TRY IT:
From the first line of the entries below, reproduce everything exactly through the line with "for name, color, linetype, lineweight", and nothing more.

PROVIDED RECORDS:
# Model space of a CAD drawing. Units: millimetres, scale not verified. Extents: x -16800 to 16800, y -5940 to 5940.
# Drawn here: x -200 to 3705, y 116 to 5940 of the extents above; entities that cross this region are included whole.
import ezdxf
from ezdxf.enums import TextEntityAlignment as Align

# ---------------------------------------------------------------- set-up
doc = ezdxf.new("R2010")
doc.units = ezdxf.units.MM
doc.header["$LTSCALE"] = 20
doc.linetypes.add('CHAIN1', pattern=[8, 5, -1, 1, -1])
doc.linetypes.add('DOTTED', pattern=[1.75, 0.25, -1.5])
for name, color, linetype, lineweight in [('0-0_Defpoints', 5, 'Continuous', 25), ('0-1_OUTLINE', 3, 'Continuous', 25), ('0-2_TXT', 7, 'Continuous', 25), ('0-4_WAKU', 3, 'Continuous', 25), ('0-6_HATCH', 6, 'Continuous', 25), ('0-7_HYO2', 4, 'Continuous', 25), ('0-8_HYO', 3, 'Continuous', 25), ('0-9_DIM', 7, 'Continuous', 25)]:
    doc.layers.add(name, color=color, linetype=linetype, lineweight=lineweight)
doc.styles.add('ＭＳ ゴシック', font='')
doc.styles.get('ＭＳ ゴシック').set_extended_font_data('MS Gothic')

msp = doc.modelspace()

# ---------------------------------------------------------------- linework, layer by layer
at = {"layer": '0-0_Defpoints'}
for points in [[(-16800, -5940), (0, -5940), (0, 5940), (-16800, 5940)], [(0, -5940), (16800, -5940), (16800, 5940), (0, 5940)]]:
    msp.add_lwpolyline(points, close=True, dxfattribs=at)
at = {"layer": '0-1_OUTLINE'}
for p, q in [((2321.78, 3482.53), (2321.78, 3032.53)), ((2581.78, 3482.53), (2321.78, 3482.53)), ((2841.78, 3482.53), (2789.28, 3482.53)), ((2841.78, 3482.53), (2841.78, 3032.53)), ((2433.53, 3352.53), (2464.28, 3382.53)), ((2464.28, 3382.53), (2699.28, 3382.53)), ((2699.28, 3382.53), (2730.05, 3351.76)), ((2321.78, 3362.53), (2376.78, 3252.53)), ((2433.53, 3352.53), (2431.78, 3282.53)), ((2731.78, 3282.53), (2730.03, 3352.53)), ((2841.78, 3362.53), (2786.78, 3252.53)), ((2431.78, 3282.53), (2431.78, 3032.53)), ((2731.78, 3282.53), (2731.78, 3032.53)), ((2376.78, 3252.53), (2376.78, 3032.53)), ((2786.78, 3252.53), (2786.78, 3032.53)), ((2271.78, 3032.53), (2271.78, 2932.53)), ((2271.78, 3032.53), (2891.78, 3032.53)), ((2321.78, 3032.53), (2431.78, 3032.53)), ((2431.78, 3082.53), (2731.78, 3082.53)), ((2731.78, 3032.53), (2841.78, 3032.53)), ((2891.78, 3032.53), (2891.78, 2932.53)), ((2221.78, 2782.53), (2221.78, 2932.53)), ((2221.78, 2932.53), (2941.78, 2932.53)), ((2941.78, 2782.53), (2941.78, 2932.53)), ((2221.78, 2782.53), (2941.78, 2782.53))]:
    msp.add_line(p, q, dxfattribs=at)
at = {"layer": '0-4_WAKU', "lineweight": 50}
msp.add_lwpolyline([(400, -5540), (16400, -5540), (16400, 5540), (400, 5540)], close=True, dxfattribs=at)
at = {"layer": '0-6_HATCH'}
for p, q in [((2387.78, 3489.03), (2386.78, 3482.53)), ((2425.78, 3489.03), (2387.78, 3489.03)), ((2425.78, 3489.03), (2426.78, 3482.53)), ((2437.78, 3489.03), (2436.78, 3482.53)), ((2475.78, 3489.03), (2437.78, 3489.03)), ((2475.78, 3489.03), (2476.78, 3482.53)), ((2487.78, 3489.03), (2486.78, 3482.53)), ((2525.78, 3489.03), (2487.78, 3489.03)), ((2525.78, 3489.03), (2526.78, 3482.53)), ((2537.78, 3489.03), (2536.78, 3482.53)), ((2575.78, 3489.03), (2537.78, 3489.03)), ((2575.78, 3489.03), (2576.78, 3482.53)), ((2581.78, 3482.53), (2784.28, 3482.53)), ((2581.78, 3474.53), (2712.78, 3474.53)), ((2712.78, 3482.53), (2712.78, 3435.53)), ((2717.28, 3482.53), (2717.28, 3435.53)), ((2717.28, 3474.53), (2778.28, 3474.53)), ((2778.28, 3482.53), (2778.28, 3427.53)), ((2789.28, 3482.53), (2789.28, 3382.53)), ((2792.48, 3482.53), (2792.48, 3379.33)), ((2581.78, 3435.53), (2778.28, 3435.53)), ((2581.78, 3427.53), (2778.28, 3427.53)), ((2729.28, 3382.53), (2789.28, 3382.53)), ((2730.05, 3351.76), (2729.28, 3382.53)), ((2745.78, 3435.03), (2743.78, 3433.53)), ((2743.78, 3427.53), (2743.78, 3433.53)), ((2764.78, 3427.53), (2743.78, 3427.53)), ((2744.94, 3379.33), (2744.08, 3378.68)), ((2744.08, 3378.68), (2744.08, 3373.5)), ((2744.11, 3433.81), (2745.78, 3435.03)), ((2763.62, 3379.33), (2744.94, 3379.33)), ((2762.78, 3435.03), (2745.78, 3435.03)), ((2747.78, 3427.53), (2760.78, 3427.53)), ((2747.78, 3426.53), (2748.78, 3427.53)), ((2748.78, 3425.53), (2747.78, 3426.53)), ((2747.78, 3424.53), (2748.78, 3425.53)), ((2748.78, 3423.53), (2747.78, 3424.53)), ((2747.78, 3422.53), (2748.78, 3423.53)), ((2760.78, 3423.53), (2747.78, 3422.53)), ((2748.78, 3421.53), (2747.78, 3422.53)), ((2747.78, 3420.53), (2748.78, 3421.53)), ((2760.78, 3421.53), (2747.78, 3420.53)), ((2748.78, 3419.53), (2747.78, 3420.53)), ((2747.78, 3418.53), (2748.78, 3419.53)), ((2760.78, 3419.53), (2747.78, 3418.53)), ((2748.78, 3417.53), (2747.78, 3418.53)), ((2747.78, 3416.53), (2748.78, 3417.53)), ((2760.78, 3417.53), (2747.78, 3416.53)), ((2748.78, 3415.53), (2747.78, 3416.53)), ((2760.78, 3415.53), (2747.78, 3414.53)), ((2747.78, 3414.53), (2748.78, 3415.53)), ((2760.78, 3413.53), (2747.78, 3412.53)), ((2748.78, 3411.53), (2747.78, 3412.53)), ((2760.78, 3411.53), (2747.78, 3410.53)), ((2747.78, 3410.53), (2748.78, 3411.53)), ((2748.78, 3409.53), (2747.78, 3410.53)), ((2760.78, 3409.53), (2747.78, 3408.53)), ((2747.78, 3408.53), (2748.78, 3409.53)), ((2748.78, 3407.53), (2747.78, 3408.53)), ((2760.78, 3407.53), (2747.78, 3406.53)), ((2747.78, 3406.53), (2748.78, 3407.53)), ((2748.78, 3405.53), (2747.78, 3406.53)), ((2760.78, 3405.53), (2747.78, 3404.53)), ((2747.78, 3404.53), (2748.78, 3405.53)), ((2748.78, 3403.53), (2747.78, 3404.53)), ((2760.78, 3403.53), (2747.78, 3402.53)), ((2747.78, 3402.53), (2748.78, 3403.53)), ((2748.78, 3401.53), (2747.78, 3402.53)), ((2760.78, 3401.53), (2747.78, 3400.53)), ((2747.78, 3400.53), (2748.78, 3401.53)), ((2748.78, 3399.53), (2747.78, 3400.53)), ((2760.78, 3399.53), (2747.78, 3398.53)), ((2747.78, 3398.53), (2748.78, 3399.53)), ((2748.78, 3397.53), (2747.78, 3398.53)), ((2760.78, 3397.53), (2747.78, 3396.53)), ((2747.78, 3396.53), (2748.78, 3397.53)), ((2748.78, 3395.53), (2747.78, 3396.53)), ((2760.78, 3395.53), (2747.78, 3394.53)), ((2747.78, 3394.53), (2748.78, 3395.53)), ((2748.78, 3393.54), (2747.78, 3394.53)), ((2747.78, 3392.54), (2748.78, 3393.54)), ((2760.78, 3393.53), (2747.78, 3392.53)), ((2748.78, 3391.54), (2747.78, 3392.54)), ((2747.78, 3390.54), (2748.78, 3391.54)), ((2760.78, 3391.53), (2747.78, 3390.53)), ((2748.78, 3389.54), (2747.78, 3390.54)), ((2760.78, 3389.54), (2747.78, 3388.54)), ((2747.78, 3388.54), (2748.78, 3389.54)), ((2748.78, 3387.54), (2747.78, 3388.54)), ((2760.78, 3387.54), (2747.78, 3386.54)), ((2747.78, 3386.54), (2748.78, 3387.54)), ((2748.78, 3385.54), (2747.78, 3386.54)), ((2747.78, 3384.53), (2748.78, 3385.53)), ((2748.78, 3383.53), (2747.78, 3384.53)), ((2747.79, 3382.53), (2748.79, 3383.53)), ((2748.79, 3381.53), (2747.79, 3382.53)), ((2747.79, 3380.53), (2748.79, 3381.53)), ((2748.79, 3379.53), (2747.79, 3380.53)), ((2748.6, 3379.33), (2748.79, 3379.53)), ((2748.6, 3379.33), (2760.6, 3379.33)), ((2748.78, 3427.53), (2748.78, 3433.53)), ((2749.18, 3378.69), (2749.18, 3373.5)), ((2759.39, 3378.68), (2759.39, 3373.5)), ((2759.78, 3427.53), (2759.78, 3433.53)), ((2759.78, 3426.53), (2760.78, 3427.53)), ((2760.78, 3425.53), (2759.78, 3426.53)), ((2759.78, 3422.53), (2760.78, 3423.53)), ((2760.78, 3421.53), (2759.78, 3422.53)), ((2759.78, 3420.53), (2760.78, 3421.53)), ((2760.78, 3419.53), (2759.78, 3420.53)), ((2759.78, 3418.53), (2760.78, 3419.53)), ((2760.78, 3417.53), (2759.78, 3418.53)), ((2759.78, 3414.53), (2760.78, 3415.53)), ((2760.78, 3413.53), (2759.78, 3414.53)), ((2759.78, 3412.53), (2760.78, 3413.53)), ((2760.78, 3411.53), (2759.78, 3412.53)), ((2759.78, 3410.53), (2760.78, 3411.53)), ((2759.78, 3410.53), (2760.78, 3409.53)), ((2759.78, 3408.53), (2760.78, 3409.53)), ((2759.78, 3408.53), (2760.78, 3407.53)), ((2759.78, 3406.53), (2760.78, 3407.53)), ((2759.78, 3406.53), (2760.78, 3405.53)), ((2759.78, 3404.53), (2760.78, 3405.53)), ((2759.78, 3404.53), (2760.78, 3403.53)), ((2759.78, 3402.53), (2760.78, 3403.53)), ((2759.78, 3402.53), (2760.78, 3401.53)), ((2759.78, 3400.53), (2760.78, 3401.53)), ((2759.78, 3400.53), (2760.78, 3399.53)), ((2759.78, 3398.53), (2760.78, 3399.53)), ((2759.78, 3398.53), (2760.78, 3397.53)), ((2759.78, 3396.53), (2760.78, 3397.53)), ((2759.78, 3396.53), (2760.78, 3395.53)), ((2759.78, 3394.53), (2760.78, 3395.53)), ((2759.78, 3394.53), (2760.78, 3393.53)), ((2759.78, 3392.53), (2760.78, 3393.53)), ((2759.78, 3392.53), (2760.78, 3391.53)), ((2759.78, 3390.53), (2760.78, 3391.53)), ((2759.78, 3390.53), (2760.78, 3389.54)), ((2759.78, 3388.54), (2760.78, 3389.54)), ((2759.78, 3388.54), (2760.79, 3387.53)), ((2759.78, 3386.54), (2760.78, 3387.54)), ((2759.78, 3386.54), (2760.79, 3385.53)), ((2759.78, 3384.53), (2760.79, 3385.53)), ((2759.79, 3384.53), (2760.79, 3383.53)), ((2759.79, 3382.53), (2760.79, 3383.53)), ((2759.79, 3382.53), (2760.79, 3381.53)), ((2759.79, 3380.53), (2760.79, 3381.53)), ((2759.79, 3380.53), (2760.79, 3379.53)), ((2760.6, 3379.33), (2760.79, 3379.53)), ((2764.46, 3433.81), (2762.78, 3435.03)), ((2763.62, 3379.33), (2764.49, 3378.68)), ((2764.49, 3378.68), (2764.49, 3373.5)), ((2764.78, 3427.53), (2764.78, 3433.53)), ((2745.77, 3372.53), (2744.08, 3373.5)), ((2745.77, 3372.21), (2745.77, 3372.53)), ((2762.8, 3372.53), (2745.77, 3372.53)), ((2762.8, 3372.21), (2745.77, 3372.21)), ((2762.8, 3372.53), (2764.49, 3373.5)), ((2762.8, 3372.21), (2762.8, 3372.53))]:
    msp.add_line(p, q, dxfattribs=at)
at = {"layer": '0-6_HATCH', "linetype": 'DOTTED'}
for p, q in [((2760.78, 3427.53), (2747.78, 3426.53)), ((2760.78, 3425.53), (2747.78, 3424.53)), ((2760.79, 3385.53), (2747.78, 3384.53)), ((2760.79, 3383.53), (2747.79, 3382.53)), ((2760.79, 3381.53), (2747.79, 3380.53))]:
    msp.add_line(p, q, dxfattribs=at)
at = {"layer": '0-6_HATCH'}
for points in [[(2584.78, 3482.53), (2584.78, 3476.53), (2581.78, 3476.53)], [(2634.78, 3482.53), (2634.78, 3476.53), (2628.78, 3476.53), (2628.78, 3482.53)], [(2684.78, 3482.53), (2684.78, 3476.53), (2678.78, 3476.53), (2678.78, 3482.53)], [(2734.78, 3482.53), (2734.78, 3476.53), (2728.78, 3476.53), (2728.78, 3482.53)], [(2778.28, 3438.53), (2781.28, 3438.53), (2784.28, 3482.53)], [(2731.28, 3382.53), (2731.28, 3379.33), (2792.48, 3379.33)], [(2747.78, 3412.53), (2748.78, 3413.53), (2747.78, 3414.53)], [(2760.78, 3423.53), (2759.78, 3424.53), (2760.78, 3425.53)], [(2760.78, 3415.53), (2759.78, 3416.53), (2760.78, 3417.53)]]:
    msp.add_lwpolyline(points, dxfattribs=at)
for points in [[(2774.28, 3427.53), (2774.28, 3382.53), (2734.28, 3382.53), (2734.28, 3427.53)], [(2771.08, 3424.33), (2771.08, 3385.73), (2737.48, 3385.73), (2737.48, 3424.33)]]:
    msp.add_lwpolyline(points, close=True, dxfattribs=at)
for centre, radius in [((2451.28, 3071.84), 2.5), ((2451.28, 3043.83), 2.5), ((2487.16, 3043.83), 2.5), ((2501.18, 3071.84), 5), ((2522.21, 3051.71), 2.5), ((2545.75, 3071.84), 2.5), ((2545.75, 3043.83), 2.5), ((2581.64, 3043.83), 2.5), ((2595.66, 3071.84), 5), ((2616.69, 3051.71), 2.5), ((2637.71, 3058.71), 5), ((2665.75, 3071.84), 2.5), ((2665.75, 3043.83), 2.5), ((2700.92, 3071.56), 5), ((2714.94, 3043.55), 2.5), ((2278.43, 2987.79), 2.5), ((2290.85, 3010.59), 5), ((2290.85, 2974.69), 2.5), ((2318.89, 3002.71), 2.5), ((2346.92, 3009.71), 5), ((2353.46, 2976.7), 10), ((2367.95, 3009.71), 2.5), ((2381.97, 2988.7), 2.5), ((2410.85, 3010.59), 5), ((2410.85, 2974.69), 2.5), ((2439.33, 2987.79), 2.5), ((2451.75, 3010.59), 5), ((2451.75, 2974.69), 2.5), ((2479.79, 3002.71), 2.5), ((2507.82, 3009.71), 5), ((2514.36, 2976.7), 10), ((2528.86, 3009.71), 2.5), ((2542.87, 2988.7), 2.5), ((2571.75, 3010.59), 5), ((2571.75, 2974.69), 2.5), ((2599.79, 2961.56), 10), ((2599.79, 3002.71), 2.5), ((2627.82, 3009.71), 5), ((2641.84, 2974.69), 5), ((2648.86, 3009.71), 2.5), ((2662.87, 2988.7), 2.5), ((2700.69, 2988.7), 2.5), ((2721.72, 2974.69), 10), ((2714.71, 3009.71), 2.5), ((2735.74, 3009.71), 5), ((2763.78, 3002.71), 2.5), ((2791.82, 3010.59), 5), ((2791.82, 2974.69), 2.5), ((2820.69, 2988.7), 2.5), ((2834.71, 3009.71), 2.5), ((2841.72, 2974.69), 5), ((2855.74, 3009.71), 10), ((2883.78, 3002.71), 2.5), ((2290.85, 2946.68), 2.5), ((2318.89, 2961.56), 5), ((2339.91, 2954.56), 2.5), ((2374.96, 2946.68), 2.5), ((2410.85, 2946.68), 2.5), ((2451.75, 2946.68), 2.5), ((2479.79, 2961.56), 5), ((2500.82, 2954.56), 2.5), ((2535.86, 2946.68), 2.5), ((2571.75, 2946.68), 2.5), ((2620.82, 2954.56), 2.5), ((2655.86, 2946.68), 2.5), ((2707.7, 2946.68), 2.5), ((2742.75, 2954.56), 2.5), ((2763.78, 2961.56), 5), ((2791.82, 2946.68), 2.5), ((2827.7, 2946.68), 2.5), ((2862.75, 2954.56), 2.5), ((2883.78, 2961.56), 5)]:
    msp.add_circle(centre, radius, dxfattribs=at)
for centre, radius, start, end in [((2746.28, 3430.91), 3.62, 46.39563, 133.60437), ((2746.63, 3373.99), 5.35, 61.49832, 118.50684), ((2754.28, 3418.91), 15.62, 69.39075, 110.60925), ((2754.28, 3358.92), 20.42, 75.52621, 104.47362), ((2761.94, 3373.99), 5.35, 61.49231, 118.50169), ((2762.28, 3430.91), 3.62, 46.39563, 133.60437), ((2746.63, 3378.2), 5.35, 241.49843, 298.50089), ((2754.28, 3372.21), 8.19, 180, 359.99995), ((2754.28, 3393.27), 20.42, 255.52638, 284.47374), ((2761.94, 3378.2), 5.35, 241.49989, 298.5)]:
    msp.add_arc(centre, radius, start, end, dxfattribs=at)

EXERCISE RESULT:
# Model space of a CAD drawing. Units: millimetres, scale not verified. Extents: x -16800 to 16800, y -5940 to 5940.
# Drawn here: x -200 to 3705, y 116 to 5940 of the extents above; entities that cross this region are included whole.
import ezdxf
from ezdxf.enums import TextEntityAlignment as Align

# ---------------------------------------------------------------- set-up
doc = ezdxf.new("R2010")
doc.units = ezdxf.units.MM
doc.header["$LTSCALE"] = 20
doc.linetypes.add('CHAIN1', pattern=[8, 5, -1, 1, -1])
doc.linetypes.add('DOTTED', pattern=[1.75, 0.25, -1.5])
for name, color, linetype, lineweight in [('0-0_Defpoints', 5, 'Continuous', 25), ('0-1_OUTLINE', 3, 'Continuous', 25), ('0-2_TXT', 7, 'Continuous', 25), ('0-4_WAKU', 3, 'Continuous', 25), ('0-6_HATCH', 6, 'Continuous', 25), ('0-7_HYO2', 4, 'Continuous', 25), ('0-8_HYO', 3, 'Continuous', 25), ('0-9_DIM', 7, 'Continuous', 25)]:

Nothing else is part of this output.